Does anyone have any experience with the chinesium precision levels? I just acquired this...




It was a freebie... it seems to be well made, but I'm not sure about the accuracy.

The 'instructions' were with it, I guess... 

I say 'I guess' because it is all written in chinese... so I'm only assuming it is instructions...

Any info is appreciated, good or bad.

-Bear


----------



## RJSakowski (Mar 1, 2021)

Not the same level but I have no complaints about my level.  Levels are self proving instruments.  There are two concerns with a precision level.  One is how true are the surfaces; flatness and squareness, in your case.  The other is sensitivity.  

Checking a level like yours will require a means to measure squareness of adjacent surfaces and parallelness of the opposing surfaces.  You can check sensitivity by shimming a bar that the level is resting on.


----------



## silence dogood (Mar 1, 2021)

Place the level on a flat surface such as a mill table.  Take a known dimension shim such as a feeler gauge and put on one side.  When the bubble moves from one line to the next, you now have an idea of how accurate it is.


----------



## Neurotic-Hapi-Snak (Mar 1, 2021)

Definitely verify parallelism and squareness, one member on here hade one of those and although it was parallel within a few tenths the squareness was off by over .010"


----------



## BGHansen (Mar 1, 2021)

Maybe look at a bubble reading and note the position.  Flip it 180 and it should be in the same spot on the opposite side of the center line of the vial.  If it's not, half the difference is the inaccuracy.  Same check as a carpenter's square, set it on an edge and trace a line on the other leg.  Flip the square over and repeat.  If it's a "V", it's out of square by half.
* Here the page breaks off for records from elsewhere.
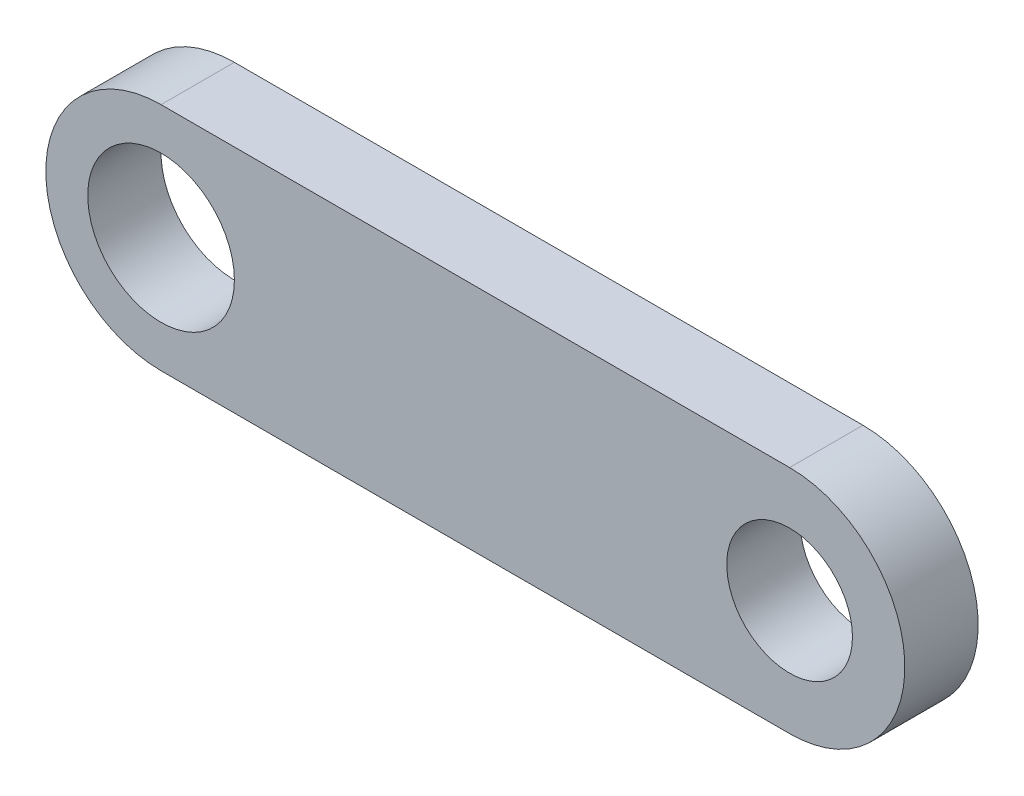
ISO-10303-21;
HEADER;
FILE_DESCRIPTION(('STEP AP214'),'2;1');
FILE_NAME('part.step','',(''),(''),'','','');
FILE_SCHEMA(('AUTOMOTIVE_DESIGN { 1 0 10303 214 1 1 1 1 }'));
ENDSEC;
DATA;
#1=APPLICATION_CONTEXT('core data for automotive mechanical design processes');
#2=APPLICATION_PROTOCOL_DEFINITION('international standard','automotive_design',2000,#1);
#3=PRODUCT_CONTEXT('',#1,'mechanical');
#4=PRODUCT('Part','Part','',(#3));
#5=PRODUCT_RELATED_PRODUCT_CATEGORY('part','',(#4));
#6=PRODUCT_DEFINITION_FORMATION('','',#4);
#7=PRODUCT_DEFINITION_CONTEXT('part definition',#1,'design');
#8=PRODUCT_DEFINITION('design','',#6,#7);
#9=PRODUCT_DEFINITION_SHAPE('','',#8);
#10=(LENGTH_UNIT() NAMED_UNIT(*) SI_UNIT(.MILLI.,.METRE.));
#11=(NAMED_UNIT(*) PLANE_ANGLE_UNIT() SI_UNIT($,.RADIAN.));
#12=(NAMED_UNIT(*) SI_UNIT($,.STERADIAN.) SOLID_ANGLE_UNIT());
#13=UNCERTAINTY_MEASURE_WITH_UNIT(LENGTH_MEASURE(1.E-05),#10,'distance_accuracy_value','');
#14=(GEOMETRIC_REPRESENTATION_CONTEXT(3) GLOBAL_UNCERTAINTY_ASSIGNED_CONTEXT((#13)) GLOBAL_UNIT_ASSIGNED_CONTEXT((#10,
#11,#12)) REPRESENTATION_CONTEXT('',''));
#15=CARTESIAN_POINT('',(0.,0.,0.));
#16=DIRECTION('',(0.,0.,1.));
#17=DIRECTION('',(1.,0.,0.));
#18=AXIS2_PLACEMENT_3D('',#15,#16,#17);
#19=CARTESIAN_POINT('',(0.,0.,3.5));
#20=DIRECTION('',(0.,0.,1.));
#21=DIRECTION('',(1.,0.,0.));
#22=AXIS2_PLACEMENT_3D('',#19,#20,#21);
#23=PLANE('',#22);
#24=CARTESIAN_POINT('',(0.,0.,3.5));
#25=DIRECTION('',(0.,0.,1.));
#26=DIRECTION('',(1.,0.,0.));
#27=AXIS2_PLACEMENT_3D('',#24,#25,#26);
#28=CIRCLE('',#27,3.5);
#29=CARTESIAN_POINT('',(3.5,0.,3.5));
#30=VERTEX_POINT('',#29);
#31=EDGE_CURVE('E107',#30,#30,#28,.T.);
#32=ORIENTED_EDGE('',*,*,#31,.F.);
#33=EDGE_LOOP('',(#32));
#34=FACE_BOUND('',#33,.T.);
#35=CARTESIAN_POINT('',(0.,0.,3.5));
#36=DIRECTION('',(0.,0.,1.));
#37=DIRECTION('',(1.,0.,0.));
#38=AXIS2_PLACEMENT_3D('',#35,#36,#37);
#39=CIRCLE('',#38,5.5);
#40=CARTESIAN_POINT('',(0.,5.5,3.5));
#41=VERTEX_POINT('',#40);
#42=CARTESIAN_POINT('',(0.,-5.5,3.5));
#43=VERTEX_POINT('',#42);
#44=EDGE_CURVE('E92',#41,#43,#39,.T.);
#45=ORIENTED_EDGE('',*,*,#44,.T.);
#46=DIRECTION('',(1.,0.,0.));
#47=VECTOR('',#46,1.);
#48=CARTESIAN_POINT('',(0.,-5.5,3.5));
#49=LINE('',#48,#47);
#50=CARTESIAN_POINT('',(30.,-5.5,3.5));
#51=VERTEX_POINT('',#50);
#52=EDGE_CURVE('E87',#43,#51,#49,.T.);
#53=ORIENTED_EDGE('',*,*,#52,.T.);
#54=CARTESIAN_POINT('',(30.,0.,3.5));
#55=DIRECTION('',(0.,0.,1.));
#56=DIRECTION('',(1.,0.,0.));
#57=AXIS2_PLACEMENT_3D('',#54,#55,#56);
#58=CIRCLE('',#57,5.5);
#59=CARTESIAN_POINT('',(30.,5.5,3.5));
#60=VERTEX_POINT('',#59);
#61=EDGE_CURVE('E90',#51,#60,#58,.T.);
#62=ORIENTED_EDGE('',*,*,#61,.T.);
#63=DIRECTION('',(-1.,0.,0.));
#64=VECTOR('',#63,1.);
#65=CARTESIAN_POINT('',(0.,5.5,3.5));
#66=LINE('',#65,#64);
#67=EDGE_CURVE('E57',#60,#41,#66,.T.);
#68=ORIENTED_EDGE('',*,*,#67,.T.);
#69=EDGE_LOOP('',(#45,#53,#62,#68));
#70=FACE_BOUND('',#69,.T.);
#71=CARTESIAN_POINT('',(30.,0.,3.5));
#72=DIRECTION('',(0.,0.,1.));
#73=DIRECTION('',(1.,0.,0.));
#74=AXIS2_PLACEMENT_3D('',#71,#72,#73);
#75=CIRCLE('',#74,3.);
#76=CARTESIAN_POINT('',(33.,0.,3.5));
#77=VERTEX_POINT('',#76);
#78=EDGE_CURVE('E122',#77,#77,#75,.T.);
#79=ORIENTED_EDGE('',*,*,#78,.F.);
#80=EDGE_LOOP('',(#79));
#81=FACE_BOUND('',#80,.T.);
#82=ADVANCED_FACE('F40',(#34,#70,#81),#23,.T.);
#83=CARTESIAN_POINT('',(0.,0.,0.));
#84=DIRECTION('',(0.,0.,1.));
#85=DIRECTION('',(1.,0.,0.));
#86=AXIS2_PLACEMENT_3D('',#83,#84,#85);
#87=PLANE('',#86);
#88=CARTESIAN_POINT('',(0.,0.,0.));
#89=DIRECTION('',(0.,0.,1.));
#90=DIRECTION('',(1.,0.,0.));
#91=AXIS2_PLACEMENT_3D('',#88,#89,#90);
#92=CIRCLE('',#91,5.5);
#93=CARTESIAN_POINT('',(0.,5.5,0.));
#94=VERTEX_POINT('',#93);
#95=CARTESIAN_POINT('',(0.,-5.5,0.));
#96=VERTEX_POINT('',#95);
#97=EDGE_CURVE('E104',#94,#96,#92,.T.);
#98=ORIENTED_EDGE('',*,*,#97,.F.);
#99=DIRECTION('',(-1.,0.,0.));
#100=VECTOR('',#99,1.);
#101=CARTESIAN_POINT('',(0.,5.5,0.));
#102=LINE('',#101,#100);
#103=CARTESIAN_POINT('',(30.,5.5,0.));
#104=VERTEX_POINT('',#103);
#105=EDGE_CURVE('E80',#104,#94,#102,.T.);
#106=ORIENTED_EDGE('',*,*,#105,.F.);
#107=CARTESIAN_POINT('',(30.,0.,0.));
#108=DIRECTION('',(0.,0.,1.));
#109=DIRECTION('',(1.,0.,0.));
#110=AXIS2_PLACEMENT_3D('',#107,#108,#109);
#111=CIRCLE('',#110,5.5);
#112=CARTESIAN_POINT('',(30.,-5.5,0.));
#113=VERTEX_POINT('',#112);
#114=EDGE_CURVE('E74',#113,#104,#111,.T.);
#115=ORIENTED_EDGE('',*,*,#114,.F.);
#116=DIRECTION('',(1.,0.,0.));
#117=VECTOR('',#116,1.);
#118=CARTESIAN_POINT('',(0.,-5.5,0.));
#119=LINE('',#118,#117);
#120=EDGE_CURVE('E96',#96,#113,#119,.T.);
#121=ORIENTED_EDGE('',*,*,#120,.F.);
#122=EDGE_LOOP('',(#98,#106,#115,#121));
#123=FACE_BOUND('',#122,.T.);
#124=CARTESIAN_POINT('',(0.,0.,0.));
#125=DIRECTION('',(0.,0.,1.));
#126=DIRECTION('',(1.,0.,0.));
#127=AXIS2_PLACEMENT_3D('',#124,#125,#126);
#128=CIRCLE('',#127,3.5);
#129=CARTESIAN_POINT('',(3.5,0.,0.));
#130=VERTEX_POINT('',#129);
#131=EDGE_CURVE('E119',#130,#130,#128,.T.);
#132=ORIENTED_EDGE('',*,*,#131,.T.);
#133=EDGE_LOOP('',(#132));
#134=FACE_BOUND('',#133,.T.);
#135=CARTESIAN_POINT('',(30.,0.,0.));
#136=DIRECTION('',(0.,0.,1.));
#137=DIRECTION('',(1.,0.,0.));
#138=AXIS2_PLACEMENT_3D('',#135,#136,#137);
#139=CIRCLE('',#138,3.);
#140=CARTESIAN_POINT('',(33.,0.,0.));
#141=VERTEX_POINT('',#140);
#142=EDGE_CURVE('E125',#141,#141,#139,.T.);
#143=ORIENTED_EDGE('',*,*,#142,.T.);
#144=EDGE_LOOP('',(#143));
#145=FACE_BOUND('',#144,.T.);
#146=ADVANCED_FACE('F115',(#123,#134,#145),#87,.F.);
#147=CARTESIAN_POINT('',(0.,0.,3.5));
#148=DIRECTION('',(0.,0.,-1.));
#149=DIRECTION('',(-1.,0.,0.));
#150=AXIS2_PLACEMENT_3D('',#147,#148,#149);
#151=CYLINDRICAL_SURFACE('',#150,5.5);
#152=ORIENTED_EDGE('',*,*,#97,.T.);
#153=DIRECTION('',(0.,0.,-1.));
#154=VECTOR('',#153,1.);
#155=CARTESIAN_POINT('',(0.,-5.5,3.5));
#156=LINE('',#155,#154);
#157=EDGE_CURVE('E11',#43,#96,#156,.T.);
#158=ORIENTED_EDGE('',*,*,#157,.F.);
#159=ORIENTED_EDGE('',*,*,#44,.F.);
#160=DIRECTION('',(0.,0.,-1.));
#161=VECTOR('',#160,1.);
#162=CARTESIAN_POINT('',(0.,5.5,3.5));
#163=LINE('',#162,#161);
#164=EDGE_CURVE('E100',#41,#94,#163,.T.);
#165=ORIENTED_EDGE('',*,*,#164,.T.);
#166=EDGE_LOOP('',(#152,#158,#159,#165));
#167=FACE_BOUND('',#166,.T.);
#168=ADVANCED_FACE('F42',(#167),#151,.T.);
#169=CARTESIAN_POINT('',(0.,-5.5,3.5));
#170=DIRECTION('',(0.,1.,0.));
#171=DIRECTION('',(-1.,0.,0.));
#172=AXIS2_PLACEMENT_3D('',#169,#170,#171);
#173=PLANE('',#172);
#174=ORIENTED_EDGE('',*,*,#120,.T.);
#175=DIRECTION('',(0.,0.,-1.));
#176=VECTOR('',#175,1.);
#177=CARTESIAN_POINT('',(30.,-5.5,3.5));
#178=LINE('',#177,#176);
#179=EDGE_CURVE('E49',#51,#113,#178,.T.);
#180=ORIENTED_EDGE('',*,*,#179,.F.);
#181=ORIENTED_EDGE('',*,*,#52,.F.);
#182=ORIENTED_EDGE('',*,*,#157,.T.);
#183=EDGE_LOOP('',(#174,#180,#181,#182));
#184=FACE_BOUND('',#183,.T.);
#185=ADVANCED_FACE('F95',(#184),#173,.F.);
#186=CARTESIAN_POINT('',(30.,0.,3.5));
#187=DIRECTION('',(0.,0.,-1.));
#188=DIRECTION('',(-1.,0.,0.));
#189=AXIS2_PLACEMENT_3D('',#186,#187,#188);
#190=CYLINDRICAL_SURFACE('',#189,5.5);
#191=ORIENTED_EDGE('',*,*,#114,.T.);
#192=DIRECTION('',(0.,0.,-1.));
#193=VECTOR('',#192,1.);
#194=CARTESIAN_POINT('',(30.,5.5,3.5));
#195=LINE('',#194,#193);
#196=EDGE_CURVE('E97',#60,#104,#195,.T.);
#197=ORIENTED_EDGE('',*,*,#196,.F.);
#198=ORIENTED_EDGE('',*,*,#61,.F.);
#199=ORIENTED_EDGE('',*,*,#179,.T.);
#200=EDGE_LOOP('',(#191,#197,#198,#199));
#201=FACE_BOUND('',#200,.T.);
#202=ADVANCED_FACE('F98',(#201),#190,.T.);
#203=CARTESIAN_POINT('',(0.,5.5,3.5));
#204=DIRECTION('',(0.,-1.,0.));
#205=DIRECTION('',(1.,0.,0.));
#206=AXIS2_PLACEMENT_3D('',#203,#204,#205);
#207=PLANE('',#206);
#208=ORIENTED_EDGE('',*,*,#105,.T.);
#209=ORIENTED_EDGE('',*,*,#164,.F.);
#210=ORIENTED_EDGE('',*,*,#67,.F.);
#211=ORIENTED_EDGE('',*,*,#196,.T.);
#212=EDGE_LOOP('',(#208,#209,#210,#211));
#213=FACE_BOUND('',#212,.T.);
#214=ADVANCED_FACE('F112',(#213),#207,.F.);
#215=CARTESIAN_POINT('',(0.,0.,3.5));
#216=DIRECTION('',(0.,0.,-1.));
#217=DIRECTION('',(-1.,0.,0.));
#218=AXIS2_PLACEMENT_3D('',#215,#216,#217);
#219=CYLINDRICAL_SURFACE('',#218,3.5);
#220=ORIENTED_EDGE('',*,*,#31,.T.);
#221=EDGE_LOOP('',(#220));
#222=FACE_BOUND('',#221,.T.);
#223=ORIENTED_EDGE('',*,*,#131,.F.);
#224=EDGE_LOOP('',(#223));
#225=FACE_BOUND('',#224,.T.);
#226=ADVANCED_FACE('F142',(#222,#225),#219,.F.);
#227=CARTESIAN_POINT('',(30.,0.,3.5));
#228=DIRECTION('',(0.,0.,-1.));
#229=DIRECTION('',(-1.,0.,0.));
#230=AXIS2_PLACEMENT_3D('',#227,#228,#229);
#231=CYLINDRICAL_SURFACE('',#230,3.);
#232=ORIENTED_EDGE('',*,*,#78,.T.);
#233=EDGE_LOOP('',(#232));
#234=FACE_BOUND('',#233,.T.);
#235=ORIENTED_EDGE('',*,*,#142,.F.);
#236=EDGE_LOOP('',(#235));
#237=FACE_BOUND('',#236,.T.);
#238=ADVANCED_FACE('F131',(#234,#237),#231,.F.);
#239=CLOSED_SHELL('',(#82,#146,#168,#185,#202,#214,#226,#238));
#240=MANIFOLD_SOLID_BREP('B2',#239);
#241=ADVANCED_BREP_SHAPE_REPRESENTATION('',(#18,#240),#14);
#242=SHAPE_DEFINITION_REPRESENTATION(#9,#241);
ENDSEC;
END-ISO-10303-21;

The shim idea above is really good for checking the sensitivity/graduations on the vial.  Piece of paper is about 0.003".

Bruce


----------



## Masterjuggler (Mar 1, 2021)

I made a thread a month ago where I checked the accuracy of some chinesium level vials, and found them to be spot on: https://www.hobby-machinist.com/threads/cheapo-level-vials-are-accurate.90212/

Like others have said though, you'll have to check the frame for parallelism and squareness. All you need for that is a surface plate and a dial indicator with a base. Oxtoolco has some pretty good videos about doing that, like this one:


----------



## The Shootist (Mar 3, 2021)

When working with high accuracy levels you should set the level down and let it "settle" for a while. The more accurate levels have near zero curve to the vial and may take a while to respond. Even "spirit" levels where the fluid is alcohol take a few minutes to fully resolve accurately.


----------



## porthos (Apr 4, 2021)

_i belive that the term chinese and precision is a oxymoron, from my experiences_


----------